Naaahhhh - the 6" chuck I have is already a little bit too big/heavy for my 8x14 lathe :devil:

I am just really curious why would anyone need something like this and how it is used - it looks like a serious piece of equipment, and if the seller is right, very expensive as well 

Will


----------



## Anglepoise (Jul 26, 2008)

I am going to guess that it is something to do with machining oil drilling pipes.
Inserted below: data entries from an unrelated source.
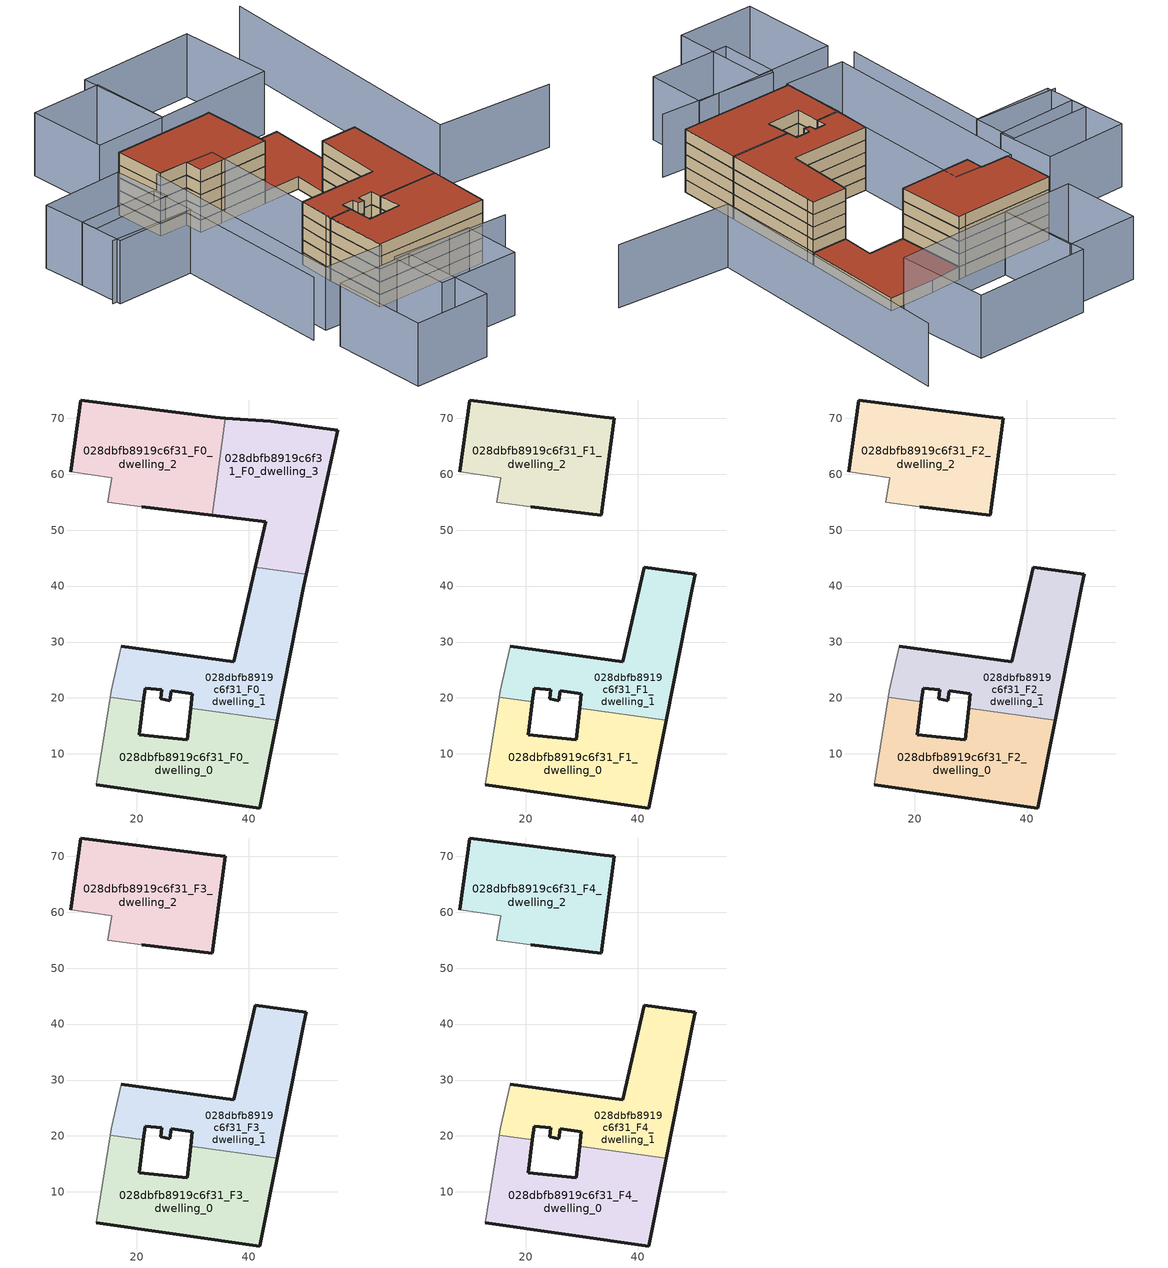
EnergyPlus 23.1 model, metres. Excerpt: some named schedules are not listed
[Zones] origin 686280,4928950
028dbfb8919c6f31_F0_dwelling_0
 floor ground (EU_floor_Construction): 41.93,0.33 45.06,16.02 29.58,18.13 29,12.53 20.38,13.42 21.18,19.28 15.24,20.09 12.75,4.47 z0
 wall outside (EU_wall_Construction): 21.18,19.28 20.38,13.42 29,12.53 29.58,18.13 / 45.06,16.02 41.93,0.33 12.75,4.47 z0:3
 wall adiabatic (EU_wall_Construction): 12.75,4.47 15.24,20.09 z0:3
 wall to 028dbfb8919c6f31_F0_dwelling_1 (EU_wall_Construction): 15.24,20.09 21.18,19.28 / 29.58,18.13 45.06,16.02 z0:3
028dbfb8919c6f31_F0_dwelling_1
 floor ground (EU_floor_Construction): 45.06,16.02 49.86,40.07 50.3,42.12 41.15,43.36 37.33,26.5 17.22,29.23 15.44,21.31 15.24,20.09 21.18,19.28 21.51,21.74 24.45,21.47 24.28,19.84 25.85,19.48 26.13,21.25 29.86,20.78 29.58,18.13 z0
 wall outside (EU_wall_Construction): 29.58,18.13 29.86,20.78 26.13,21.25 25.85,19.48 24.28,19.84 24.45,21.47 21.51,21.74 21.18,19.28 / 17.22,29.23 37.33,26.5 41.15,43.36 / 50.3,42.12 49.86,40.07 45.06,16.02 z0:3
 wall adiabatic (EU_wall_Construction): 15.24,20.09 15.44,21.31 17.22,29.23 z0:3
 wall to 028dbfb8919c6f31_F0_dwelling_3 (EU_wall_Construction): 41.15,43.36 50.3,42.12 z0:3
028dbfb8919c6f31_F0_dwelling_2
 floor ground (EU_floor_Construction): 33.44,52.64 35.82,70.01 34.02,70.14 9.94,73.25 8.19,60.43 15.46,59.33 14.8,54.96 20.87,54.14 z0
 wall outside (EU_wall_Construction): 33.44,52.64 20.87,54.14 / 8.19,60.43 9.94,73.25 34.02,70.14 35.82,70.01 z0:3
 wall adiabatic (EU_wall_Construction): 20.87,54.14 14.8,54.96 15.46,59.33 8.19,60.43 z0:3
 wall to 028dbfb8919c6f31_F0_dwelling_3 (EU_wall_Construction): 35.82,70.01 33.44,52.64 z0:3
028dbfb8919c6f31_F0_dwelling_3
 floor ground (EU_floor_Construction): 50.3,42.12 55.88,67.85 43.92,69.42 35.82,70.01 33.44,52.64 42.99,51.49 41.15,43.36 z0
 wall outside (EU_wall_Construction): 41.15,43.36 42.99,51.49 33.44,52.64 / 35.82,70.01 43.92,69.42 55.88,67.85 50.3,42.12 z0:3
 roof outside (EU_roof_Construction): 55.88,67.85 50.3,42.12 41.15,43.36 42.99,51.49 33.44,52.64 35.82,70.01 43.92,69.42 z3
028dbfb8919c6f31_F1_dwelling_0
 floor to 028dbfb8919c6f31_F0_dwelling_0 (EU_floor_Construction): 41.93,0.33 45.06,16.02 29.58,18.13 29,12.53 20.38,13.42 21.18,19.28 15.24,20.09 12.75,4.47 z3
 wall outside (EU_wall_Construction): 21.18,19.28 20.38,13.42 29,12.53 29.58,18.13 / 45.06,16.02 41.93,0.33 12.75,4.47 z3:6
 wall adiabatic (EU_wall_Construction): 12.75,4.47 15.24,20.09 z3:6
 wall to 028dbfb8919c6f31_F1_dwelling_1 (EU_wall_Construction): 15.24,20.09 21.18,19.28 / 29.58,18.13 45.06,16.02 z3:6
028dbfb8919c6f31_F1_dwelling_1
 floor to 028dbfb8919c6f31_F0_dwelling_1 (EU_floor_Construction): 45.06,16.02 49.86,40.07 50.3,42.12 41.15,43.36 37.33,26.5 17.22,29.23 15.44,21.31 15.24,20.09 21.18,19.28 21.51,21.74 24.45,21.47 24.28,19.84 25.85,19.48 26.13,21.25 29.86,20.78 29.58,18.13 z3
 wall outside (EU_wall_Construction): 29.58,18.13 29.86,20.78 26.13,21.25 25.85,19.48 24.28,19.84 24.45,21.47 21.51,21.74 21.18,19.28 / 17.22,29.23 37.33,26.5 41.15,43.36 50.3,42.12 49.86,40.07 45.06,16.02 z3:6
 wall adiabatic (EU_wall_Construction): 15.24,20.09 15.44,21.31 17.22,29.23 z3:6
028dbfb8919c6f31_F1_dwelling_2
 floor to 028dbfb8919c6f31_F0_dwelling_2 (EU_floor_Construction): 33.44,52.64 35.82,70.01 34.02,70.14 9.94,73.25 8.19,60.43 15.46,59.33 14.8,54.96 20.87,54.14 z3
 wall outside (EU_wall_Construction): 8.19,60.43 9.94,73.25 34.02,70.14 35.82,70.01 33.44,52.64 20.87,54.14 z3:6
 wall adiabatic (EU_wall_Construction): 20.87,54.14 14.8,54.96 15.46,59.33 8.19,60.43 z3:6
028dbfb8919c6f31_F2_dwelling_0
 floor to 028dbfb8919c6f31_F1_dwelling_0 (EU_floor_Construction): 41.93,0.33 45.06,16.02 29.58,18.13 29,12.53 20.38,13.42 21.18,19.28 15.24,20.09 12.75,4.47 z6
 wall outside (EU_wall_Construction): 21.18,19.28 20.38,13.42 29,12.53 29.58,18.13 / 45.06,16.02 41.93,0.33 12.75,4.47 z6:9
 wall adiabatic (EU_wall_Construction): 12.75,4.47 15.24,20.09 z6:9
 wall to 028dbfb8919c6f31_F2_dwelling_1 (EU_wall_Construction): 15.24,20.09 21.18,19.28 / 29.58,18.13 45.06,16.02 z6:9
028dbfb8919c6f31_F2_dwelling_1
 floor to 028dbfb8919c6f31_F1_dwelling_1 (EU_floor_Construction): 45.06,16.02 49.86,40.07 50.3,42.12 41.15,43.36 37.33,26.5 17.22,29.23 15.44,21.31 15.24,20.09 21.18,19.28 21.51,21.74 24.45,21.47 24.28,19.84 25.85,19.48 26.13,21.25 29.86,20.78 29.58,18.13 z6
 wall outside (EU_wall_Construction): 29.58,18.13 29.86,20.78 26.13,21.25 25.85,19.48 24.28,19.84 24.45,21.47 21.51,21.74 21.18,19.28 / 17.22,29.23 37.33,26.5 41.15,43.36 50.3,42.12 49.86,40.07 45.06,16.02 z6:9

I won't guess about the quality of Kitagawa chucks. My 3 jaw is still very accurate after many years of use.


----------



## McGizmo (Jul 26, 2008)

I have no direct experience with CNC equipment but it would not surprise me that most don't have a chuck as opposed to collets. I believe some of the machines can actually part the work piece from the bar and continue work on it holding it either in the primary chuck or a live tail chuck. I don't even have a clue as to what these parts would be called. If the machine used collets, it would have to change them during the operation. A chuck can quickly accommodate a part that changes in diameter where it is to be held.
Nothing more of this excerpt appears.